January 13 marks what is arguably one of history’s greatest public health wins: India, long considered the most technically challenging place on earth to end polio, has gone three years without registering a case. It has earned itself official victory over polio, and in the process provided lessons now being used to eradicate the disease around the world.
Ten years ago, prospects for ending polio in India were shrouded in pessimism. As recently as 2007, the country was home to two-thirds of the world’s polio cases, leaving hundreds of children disabled. With a population of more than one billion, areas of conflict and poor health infrastructure, few imagined that India could turn the tables against polio so quickly.
But India did it. Driven by strong political commitment and accountability at all levels, the country brought cases down from 741 in 2009 to zero in 2012. It rallied 2.3 million vaccinators, who in 2011 alone delivered 900 million doses of the oral vaccine to even the hardest-to-reach communities. It set up a robust surveillance system, comprised of 33,000 reporting sites, to quickly track and tackle the virus. Since the last case in January 2011, not a single child has been deprived of the ability to walk, run or jump because of polio. Official certification that polio has been eliminated from India — and WHO’s entire South-East Asia Region — is expected in March.
Three years later, the polio infrastructure continues to protect children not just from poliovirus but from a myriad of other vaccine-preventable diseases. The polio program created a network of health workers that now delivers other vaccines and health interventions across the country, and polio training and monitoring programs have supported the introduction of hepatitis B and Japanese encephalitis vaccines. The polio surveillance system has been expanded to help track outbreaks of measles and other diseases.
Inspiration for the world
India’s accomplishment resonates beyond its borders. It proves that polio can be defeated in even the most complex circumstances and offers tangible lessons for success in those few other countries where polio is still endemic: Afghanistan, Pakistan and Nigeria.
In fact, many of India’s lessons learned now form the backbone for polio programs around the world, and have informed the global Strategic Plan guiding the final stages of eradication.

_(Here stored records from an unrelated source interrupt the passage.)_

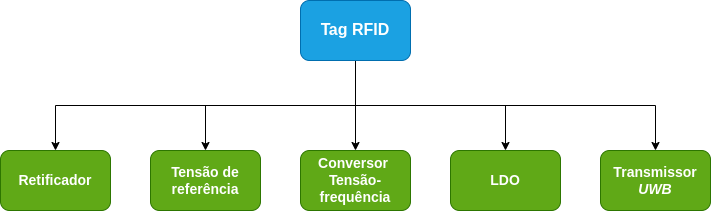

The diagram above was exported from draw.io. Its source (the exported page's mxGraphModel, read from the mxfile embedded in the PNG):
<mxGraphModel dx="878" dy="574" grid="1" gridSize="10" guides="1" tooltips="1" connect="1" arrows="1" fold="1" page="1" pageScale="1" pageWidth="1100" pageHeight="850" background="none" math="0" shadow="0">
  <root>
    <mxCell id="0" />
    <mxCell id="1" parent="0" />
    <mxCell id="96kAY3jv74AIzpVY5Dfh-8" style="edgeStyle=orthogonalEdgeStyle;rounded=0;orthogonalLoop=1;jettySize=auto;html=1;exitX=0.5;exitY=1;exitDx=0;exitDy=0;entryX=0.5;entryY=0;entryDx=0;entryDy=0;" edge="1" parent="1" source="96kAY3jv74AIzpVY5Dfh-1" target="96kAY3jv74AIzpVY5Dfh-5">
      <mxGeometry relative="1" as="geometry" />
    </mxCell>
    <mxCell id="96kAY3jv74AIzpVY5Dfh-9" style="edgeStyle=orthogonalEdgeStyle;rounded=0;orthogonalLoop=1;jettySize=auto;html=1;exitX=0.5;exitY=1;exitDx=0;exitDy=0;entryX=0.5;entryY=0;entryDx=0;entryDy=0;" edge="1" parent="1" source="96kAY3jv74AIzpVY5Dfh-1" target="96kAY3jv74AIzpVY5Dfh-2">
      <mxGeometry relative="1" as="geometry" />
    </mxCell>
    <mxCell id="96kAY3jv74AIzpVY5Dfh-10" style="edgeStyle=orthogonalEdgeStyle;rounded=0;orthogonalLoop=1;jettySize=auto;html=1;exitX=0.5;exitY=1;exitDx=0;exitDy=0;" edge="1" parent="1" source="96kAY3jv74AIzpVY5Dfh-1" target="96kAY3jv74AIzpVY5Dfh-4">
      <mxGeometry relative="1" as="geometry" />
    </mxCell>
    <mxCell id="96kAY3jv74AIzpVY5Dfh-11" style="edgeStyle=orthogonalEdgeStyle;rounded=0;orthogonalLoop=1;jettySize=auto;html=1;exitX=0.5;exitY=1;exitDx=0;exitDy=0;" edge="1" parent="1" source="96kAY3jv74AIzpVY5Dfh-1" target="96kAY3jv74AIzpVY5Dfh-6">
      <mxGeometry relative="1" as="geometry" />
    </mxCell>
    <mxCell id="96kAY3jv74AIzpVY5Dfh-12" style="edgeStyle=orthogonalEdgeStyle;rounded=0;orthogonalLoop=1;jettySize=auto;html=1;exitX=0.5;exitY=1;exitDx=0;exitDy=0;entryX=0.5;entryY=0;entryDx=0;entryDy=0;" edge="1" parent="1" source="96kAY3jv74AIzpVY5Dfh-1" target="96kAY3jv74AIzpVY5Dfh-7">
      <mxGeometry relative="1" as="geometry" />
    </mxCell>
    <mxCell id="96kAY3jv74AIzpVY5Dfh-1" value="&lt;p style=&quot;line-height: 100%;&quot;&gt;&lt;font style=&quot;font-size: 16px;&quot;&gt;&lt;b style=&quot;&quot;&gt;Tag RFID&lt;/b&gt;&lt;/font&gt;&lt;/p&gt;" style="rounded=1;whiteSpace=wrap;html=1;fillColor=#1ba1e2;fontColor=#ffffff;strokeColor=#006EAF;" vertex="1" parent="1">
      <mxGeometry x="380" y="270" width="110" height="60" as="geometry" />
    </mxCell>
    <mxCell id="96kAY3jv74AIzpVY5Dfh-2" value="&lt;font size=&quot;1&quot; style=&quot;&quot;&gt;&lt;span style=&quot;font-size: 14px;&quot;&gt;&lt;b&gt;Retificador&lt;/b&gt;&lt;/span&gt;&lt;/font&gt;" style="rounded=1;whiteSpace=wrap;html=1;fillColor=#60a917;fontColor=#ffffff;strokeColor=#2D7600;" vertex="1" parent="1">
      <mxGeometry x="80" y="420" width="110" height="60" as="geometry" />
    </mxCell>
    <mxCell id="96kAY3jv74AIzpVY5Dfh-4" value="&lt;font size=&quot;1&quot; style=&quot;&quot;&gt;&lt;span style=&quot;font-size: 14px;&quot;&gt;&lt;b&gt;Tensão de referência&lt;/b&gt;&lt;/span&gt;&lt;/font&gt;" style="rounded=1;whiteSpace=wrap;html=1;fillColor=#60a917;fontColor=#ffffff;strokeColor=#2D7600;" vertex="1" parent="1">
      <mxGeometry x="230" y="420" width="110" height="60" as="geometry" />
    </mxCell>
    <mxCell id="96kAY3jv74AIzpVY5Dfh-5" value="&lt;font style=&quot;font-size: 14px;&quot;&gt;&lt;b&gt;Conversor&amp;nbsp;&lt;br&gt;Tensão-frequência&lt;/b&gt;&lt;br&gt;&lt;/font&gt;" style="rounded=1;whiteSpace=wrap;html=1;fillColor=#60a917;fontColor=#ffffff;strokeColor=#2D7600;" vertex="1" parent="1">
      <mxGeometry x="380" y="420" width="110" height="60" as="geometry" />
    </mxCell>
    <mxCell id="96kAY3jv74AIzpVY5Dfh-6" value="&lt;font size=&quot;1&quot; style=&quot;&quot;&gt;&lt;span style=&quot;font-size: 14px;&quot;&gt;&lt;b&gt;LDO&lt;/b&gt;&lt;/span&gt;&lt;/font&gt;" style="rounded=1;whiteSpace=wrap;html=1;fillColor=#60a917;fontColor=#ffffff;strokeColor=#2D7600;" vertex="1" parent="1">
      <mxGeometry x="530" y="420" width="110" height="60" as="geometry" />
    </mxCell>
    <mxCell id="96kAY3jv74AIzpVY5Dfh-7" value="&lt;font size=&quot;1&quot; style=&quot;&quot;&gt;&lt;span style=&quot;font-size: 14px;&quot;&gt;&lt;b&gt;Transmissor &lt;i&gt;UWB&lt;/i&gt;&lt;/b&gt;&lt;/span&gt;&lt;/font&gt;" style="rounded=1;whiteSpace=wrap;html=1;fillColor=#60a917;fontColor=#ffffff;strokeColor=#2D7600;" vertex="1" parent="1">
      <mxGeometry x="680" y="420" width="110" height="60" as="geometry" />
    </mxCell>
  </root>
</mxGraphModel>

These innovations range from new technical strategies, including using different variations of the polio vaccine to maximize immunity, to programmatic tactics such as finger-marking to better track children that receive the vaccines.
For example, Afghanistan reworked its monitoring system based on India’s, so that new data are now presented at regular meetings and corrective actions determined on the spot. Also taking cues from India, Nigeria adopted a house-based micro-planning approach for its vaccination campaigns, which maps children and vaccinator responsibilities at the household rather than district level to improve planning and accountability. These are relatively simple changes, but ones that make a big difference in the quality of campaigns.
Thanks in many ways to these lessons from India, the endemic countries have made progress, cornering the virus to just a few geographical areas and giving us confidence that the global Strategic Plan is working. Nigeria reduced case counts by more than 55 percent in 2013, with five previously polio-ridden states reporting zero cases. Afghanistan’s traditionally endemic south has shown dramatic progress, with just one case since November 2012, down from 80 in 2011. In Pakistan, 80 percent of its polio cases are in just two areas in the northwest: the Federally Administered Tribal Areas and Khyber Pakhtunkhwa.
Getting to zero
Despite all this progress, challenges remain, and this year’s outbreaks in the Horn of Africa and Syria are proof that no country is safe until polio is eliminated from its last reservoirs.
The remaining pockets of polio present unique obstacles, often embedded in complex local political issues. In northern Pakistan, for example, insecurity and inaccessibility seriously compromise effort, and have fueled an outbreak in the country that is also infecting children in eastern Afghanistan.
In the face of these challenges, perhaps the greatest lesson from India is that ending polio requires a comprehensive toolbox. No single strategy or technical breakthrough is a silver bullet. Eradication efforts must be pursued from every angle, continually revised to match local contexts and challenges, and be supported at every level.
We know, programmatically, what is needed to eradicate the polio, and recent progress gives us an opportunity like never before. Now, we need to break down the remaining political barriers and see the effort through so that no child suffers from this disease ever again.
India’s incredible accomplishment proved skeptics wrong. Now we must take the success one step further: Let’s eradicate the disease, and prove what’s possible when the world rallies to protect children’s health.